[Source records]

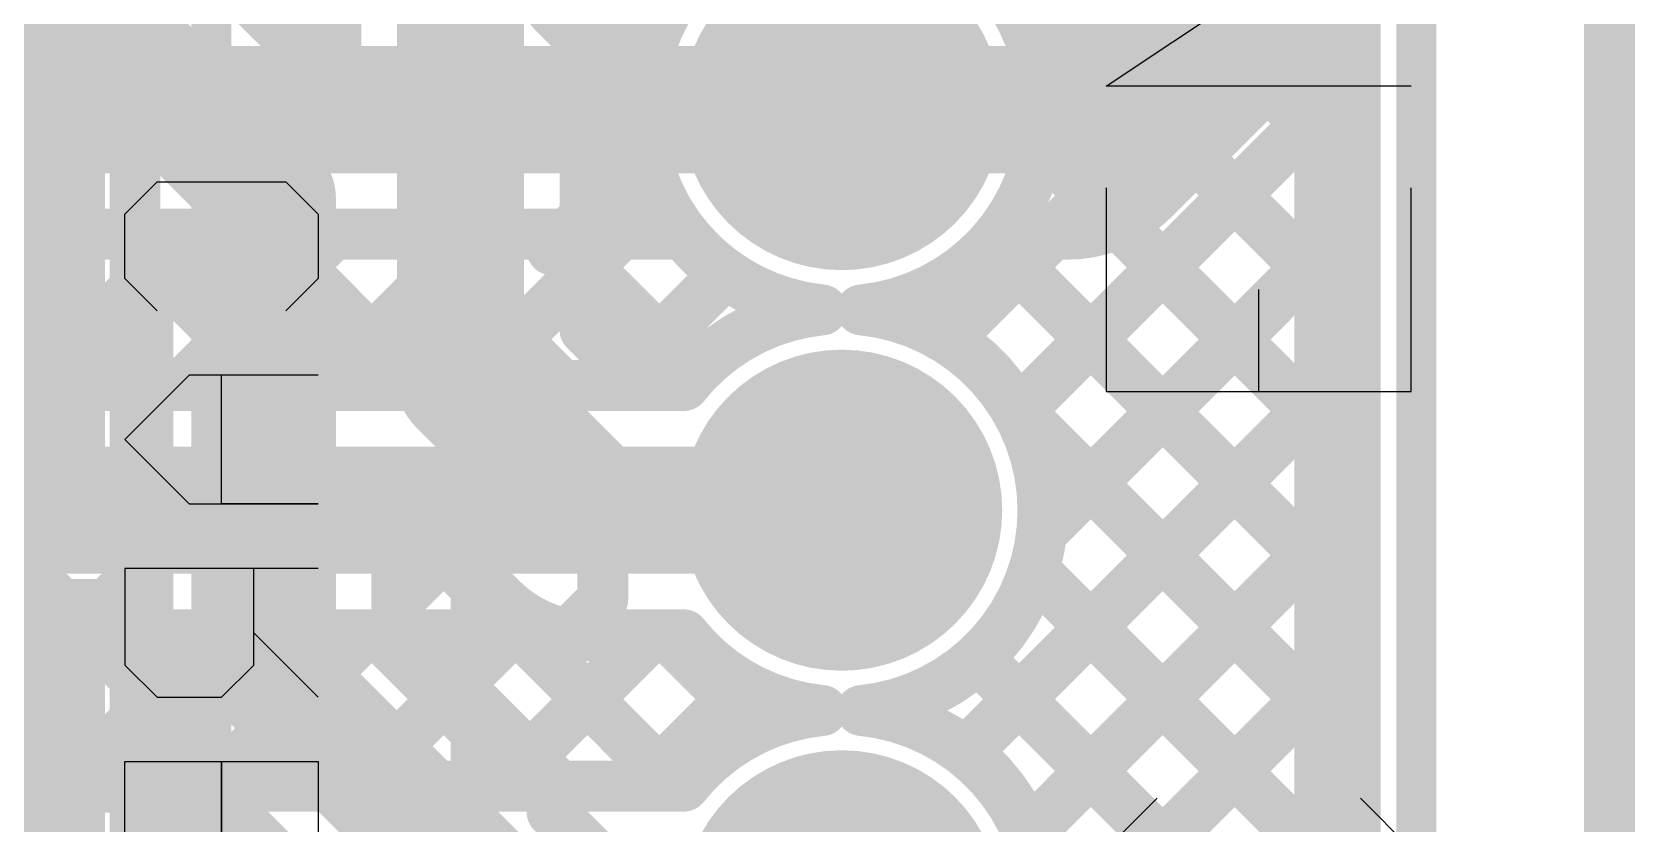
# Model space of a CAD drawing. Header units: millimetres. Extents: x 0.78 to 3.29, y 2.96 to 5.31.
# Drawn here: x 2.9737 to 3.289, y 3.7939 to 3.9495 of the extents above; entities that cross this region are included whole.
import ezdxf

# ---------------------------------------------------------------- set-up
doc = ezdxf.new("R2010")
doc.units = ezdxf.units.MM
doc.header["$MEASUREMENT"] = 0
for name, color, linetype in [('BottomLayer', 5, 'Continuous'), ('BottomOverlay', 54, 'Continuous'), ('BottomSolder', 6, 'Continuous'), ('Mechanical2', 216, 'Continuous'), ('MultiLayer', 9, 'Continuous'), ('PadHoleLayer', 156, 'Continuous'), ('TopLayer', 1, 'Continuous'), ('TopOverlay', 2, 'Continuous'), ('TopPaste', 8, 'Continuous'), ('TopSolder', 216, 'Continuous')]:
    doc.layers.add(name, color=color, linetype=linetype)

# ---------------------------------------------------------------- blocks, each defined once
blk = doc.blocks.new('B13B_PH_K_S_LF__SN__B_12')
at = {"layer": 'BottomLayer', "const_width": 0.027559}
for points in [[(-0.2499999, 0, 1), (-0.2224409, 0, 1)], [(-0.1712598, 0, 1), (-0.1437008, 0, 1)], [(-0.0925196, 0, 1), (-0.0649606, 0, 1)]]:
    blk.add_lwpolyline(points, format="xyb", close=True, dxfattribs=at)
at = {"layer": 'BottomOverlay'}
for points, const_width in [([(-0.5534409, 0.073), (0.5533386, 0.073)], 0.007874), ([(-0.2167795, 0.057), (-0.2267795, 0.047)], 0.01), ([(-0.1850394, 0.057), (-0.1750394, 0.047)], 0.01), ([(-0.1380394, 0.057), (-0.1480394, 0.047)], 0.01), ([(-0.1062992, 0.057), (-0.0962992, 0.047)], 0.01), ([(-0.0592992, 0.057), (-0.0692992, 0.047)], 0.01), ([(-0.1750394, 0.047), (-0.1480394, 0.047)], 0.01), ([(-0.0962992, 0.047), (-0.0692992, 0.047)], 0.01), ([(-0.5534409, -0.113), (0.5533386, -0.113)], 0.007874)]:
    blk.add_lwpolyline(points, dxfattribs=dict(at, const_width=const_width))
at = {"layer": 'BottomOverlay', "const_width": 0.005}
for points in [[(-0.2192795, 0.057, 1), (-0.2142795, 0.057, 1)], [(-0.1875394, 0.057, 1), (-0.1825394, 0.057, 1)], [(-0.1405394, 0.057, 1), (-0.1355394, 0.057, 1)], [(-0.1087992, 0.057, 1), (-0.1037992, 0.057, 1)], [(-0.0617992, 0.057, 1), (-0.0567992, 0.057, 1)], [(-0.1775394, 0.047, 1), (-0.1725394, 0.047, 1)], [(-0.1775394, 0.047, 1), (-0.1725394, 0.047, 1)], [(-0.1505394, 0.047, 1), (-0.1455394, 0.047, 1)], [(-0.1505394, 0.047, 1), (-0.1455394, 0.047, 1)], [(-0.0987992, 0.047, 1), (-0.0937992, 0.047, 1)], [(-0.0987992, 0.047, 1), (-0.0937992, 0.047, 1)], [(-0.0717992, 0.047, 1), (-0.0667992, 0.047, 1)], [(-0.0717992, 0.047, 1), (-0.0667992, 0.047, 1)]]:
    blk.add_lwpolyline(points, format="xyb", close=True, dxfattribs=at)
at = {"layer": 'BottomSolder', "const_width": 0.031559}
for points in [[(-0.2519999, 0, 1), (-0.2204409, 0, 1)], [(-0.1732598, 0, 1), (-0.1417008, 0, 1)], [(-0.0945196, 0, 1), (-0.0629606, 0, 1)]]:
    blk.add_lwpolyline(points, format="xyb", close=True, dxfattribs=at)
at = {"layer": 'MultiLayer', "const_width": 0.027559}
for points in [[(-0.2499999, 0, 1), (-0.2224409, 0, 1)], [(-0.1712598, 0, 1), (-0.1437008, 0, 1)], [(-0.0925196, 0, 1), (-0.0649606, 0, 1)]]:
    blk.add_lwpolyline(points, format="xyb", close=True, dxfattribs=at)
at = {"layer": 'PadHoleLayer', "const_width": 0.0147638}
for points in [[(-0.1648622, 0, 1), (-0.1500984, 0, 1)], [(-0.086122, 0, 1), (-0.0713582, 0, 1)]]:
    blk.add_lwpolyline(points, format="xyb", close=True, dxfattribs=at)
at = {"layer": 'TopLayer', "const_width": 0.027559}
for points in [[(-0.2499999, 0, 1), (-0.2224409, 0, 1)], [(-0.1712598, 0, 1), (-0.1437008, 0, 1)], [(-0.0925196, 0, 1), (-0.0649606, 0, 1)]]:
    blk.add_lwpolyline(points, format="xyb", close=True, dxfattribs=at)
at = {"layer": 'TopSolder', "const_width": 0.031559}
for points in [[(-0.2519999, 0, 1), (-0.2204409, 0, 1)], [(-0.1732598, 0, 1), (-0.1417008, 0, 1)], [(-0.0945196, 0, 1), (-0.0629606, 0, 1)]]:
    blk.add_lwpolyline(points, format="xyb", close=True, dxfattribs=at)
blk = doc.blocks.new('R__2512_29')
at = {"layer": 'TopLayer'}
blk.add_solid([(0.0531497, -0.0728346), (0.1830709, -0.0728346), (0.0531497, 0.0728346), (0.1830709, 0.0728346)], dxfattribs=at)
at = {"layer": 'TopOverlay', "const_width": 0.01}
for points in [[(0.193, -0.082), (0.193, 0.083)], [(-0.193, -0.082), (0.193, -0.082)]]:
    blk.add_lwpolyline(points, dxfattribs=at)
at = {"layer": 'TopOverlay', "const_width": 0.005}
blk.add_lwpolyline([(0.1905, -0.082, 1), (0.1955, -0.082, 1)], format="xyb", close=True, dxfattribs=at)
blk.add_lwpolyline([(0.1905, -0.082, 1), (0.1955, -0.082, 1)], format="xyb", close=True, dxfattribs=at)
at = {"layer": 'TopPaste'}
blk.add_solid([(0.0531497, -0.0728346), (0.1830709, -0.0728346), (0.0531497, 0.0728346), (0.1830709, 0.0728346)], dxfattribs=at)
at = {"layer": 'TopSolder'}
blk.add_solid([(0.0491497, -0.0768346), (0.1870709, -0.0768346), (0.0491497, 0.0768346), (0.1870709, 0.0768346)], dxfattribs=at)
blk = doc.blocks.new('R__2512_30')
at = {"layer": 'TopLayer'}
blk.add_solid([(0.0531497, -0.0728346), (0.1830709, -0.0728346), (0.0531497, 0.0728346), (0.1830709, 0.0728346)], dxfattribs=at)
at = {"layer": 'TopOverlay', "const_width": 0.01}
for points in [[(-0.193, 0.083), (0.193, 0.083)], [(0.193, -0.082), (0.193, 0.083)]]:
    blk.add_lwpolyline(points, dxfattribs=at)
at = {"layer": 'TopOverlay', "const_width": 0.005}
blk.add_lwpolyline([(0.1905, 0.083, 1), (0.1955, 0.083, 1)], format="xyb", close=True, dxfattribs=at)
blk.add_lwpolyline([(0.1905, 0.083, 1), (0.1955, 0.083, 1)], format="xyb", close=True, dxfattribs=at)
at = {"layer": 'TopPaste'}
blk.add_solid([(0.0531497, -0.0728346), (0.1830709, -0.0728346), (0.0531497, 0.0728346), (0.1830709, 0.0728346)], dxfattribs=at)
at = {"layer": 'TopSolder'}
blk.add_solid([(0.0491497, -0.0768346), (0.1870709, -0.0768346), (0.0491497, 0.0768346), (0.1870709, 0.0768346)], dxfattribs=at)

msp = doc.modelspace()

# ---------------------------------------------------------------- linework, layer by layer
at = {"layer": 'BottomLayer'}
for points, const_width in [([(3.2340001, 3.989843), (3.2340002, 3.1789998)], 0.01), ([(3.1674215, 3.9885001), (3.2340001, 3.9219215)], 0.01), ([(3.1725122, 3.9361863), (3.224826, 3.9885001)], 0.01), ([(3.1957058, 3.9885001), (3.2340001, 3.9502058)], 0.01), ([(3.1502414, 3.9773959), (3.2340001, 3.8936372)], 0.01), ([(3.1537872, 3.889177), (3.2340001, 3.9693899)], 0.01), ([(2.9287402, 3.9342598), (3.077, 3.9342598)], 0.025), ([(3.077, 3.9342598), (3.0770001, 3.9342599)], 0.025), ([(3.0770001, 3.9342599), (3.133, 3.9342599)], 0.025), ([(3.1675969, 3.8747024), (3.2340001, 3.9411056)], 0.01), ([(3.1719588, 3.9273942), (3.2340001, 3.8653529)], 0.01), ([(3.1723155, 3.8511367), (3.2340001, 3.9128213)], 0.01), ([(2.9287402, 3.9097598), (3.077, 3.9097598)], 0.01), ([(2.9491341, 3.882514), (2.9763799, 3.9097598)], 0.01), ([(2.9633188, 3.9097598), (2.9930589, 3.8800197)], 0.01), ([(2.9749241, 3.8800197), (3.0046642, 3.9097598)], 0.01), ([(2.9916031, 3.9097598), (3.0213432, 3.8800197)], 0.01), ([(3.0032084, 3.8800197), (3.0329485, 3.9097598)], 0.01), ([(3.0198874, 3.9097598), (3.0496275, 3.8800197)], 0.01), ([(3.0314927, 3.8800197), (3.0612328, 3.9097598)], 0.01), ([(3.0481717, 3.9097598), (3.0779118, 3.8800197)], 0.01), ([(3.059777, 3.8800197), (3.0895172, 3.9097599)], 0.01), ([(3.076456, 3.9097598), (3.1038993, 3.8823165)], 0.01), ([(3.07707, 3.9097599), (3.1019408, 3.9097599)], 0.01), ([(3.162812, 3.9082567), (3.2340001, 3.8370686)], 0.01), ([(3.0880613, 3.8800197), (3.1100676, 3.902026)], 0.01), ([(3.115924, 3.8985761), (3.1212169, 3.8932832)], 0.01), ([(3.1459158, 3.8968686), (3.1533282, 3.8894562)], 0.01), ([(3.1573891, 3.807926), (3.2340001, 3.884537)], 0.01), ([(2.9516285, 3.8800197), (3.1019408, 3.8800197)], 0.01), ([(3.1669365, 3.8758479), (3.2340001, 3.8087843)], 0.01), ([(2.9414803, 3.8555197), (3.133, 3.8555197)], 0.025), ([(3.1237796, 3.8552992), (3.124, 3.8555196)], 0.025), ([(3.1695823, 3.7918349), (3.2340001, 3.8562527)], 0.01), ([(3.1707635, 3.8437366), (3.2340001, 3.7805)], 0.01), ([(2.9414803, 3.8310197), (3.1019408, 3.8310197)], 0.01), ([(2.9525321, 3.8010591), (2.9824927, 3.8310197)], 0.01), ([(2.957206, 3.8310197), (2.9871666, 3.8010591)], 0.01), ([(2.9808164, 3.8010591), (3.010777, 3.8310197)], 0.01), ([(2.9854903, 3.8310197), (3.0154509, 3.8010591)], 0.01), ([(3.0091007, 3.8010591), (3.0390613, 3.8310197)], 0.01), ([(3.0137746, 3.8310197), (3.0435147, 3.8012796)], 0.01), ([(3.0376055, 3.8012796), (3.0673456, 3.8310197)], 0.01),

> **Problem to solve**: Copy exactly, and copy nothing else: the lines from the start of the data above through the line that holds "blk = doc.blocks.new('B13B_PH_K_S_LF__SN__B_12')". The pictures stay out.

> **Result for this task**:
# Model space of a CAD drawing. Header units: millimetres. Extents: x 0.78 to 3.29, y 2.96 to 5.31.
# Drawn here: x 2.9737 to 3.289, y 3.7939 to 3.9495 of the extents above; entities that cross this region are included whole.
import ezdxf

# ---------------------------------------------------------------- set-up
doc = ezdxf.new("R2010")
doc.units = ezdxf.units.MM
doc.header["$MEASUREMENT"] = 0
for name, color, linetype in [('BottomLayer', 5, 'Continuous'), ('BottomOverlay', 54, 'Continuous'), ('BottomSolder', 6, 'Continuous'), ('Mechanical2', 216, 'Continuous'), ('MultiLayer', 9, 'Continuous'), ('PadHoleLayer', 156, 'Continuous'), ('TopLayer', 1, 'Continuous'), ('TopOverlay', 2, 'Continuous'), ('TopPaste', 8, 'Continuous'), ('TopSolder', 216, 'Continuous')]:
    doc.layers.add(name, color=color, linetype=linetype)

# ---------------------------------------------------------------- blocks, each defined once
blk = doc.blocks.new('B13B_PH_K_S_LF__SN__B_12')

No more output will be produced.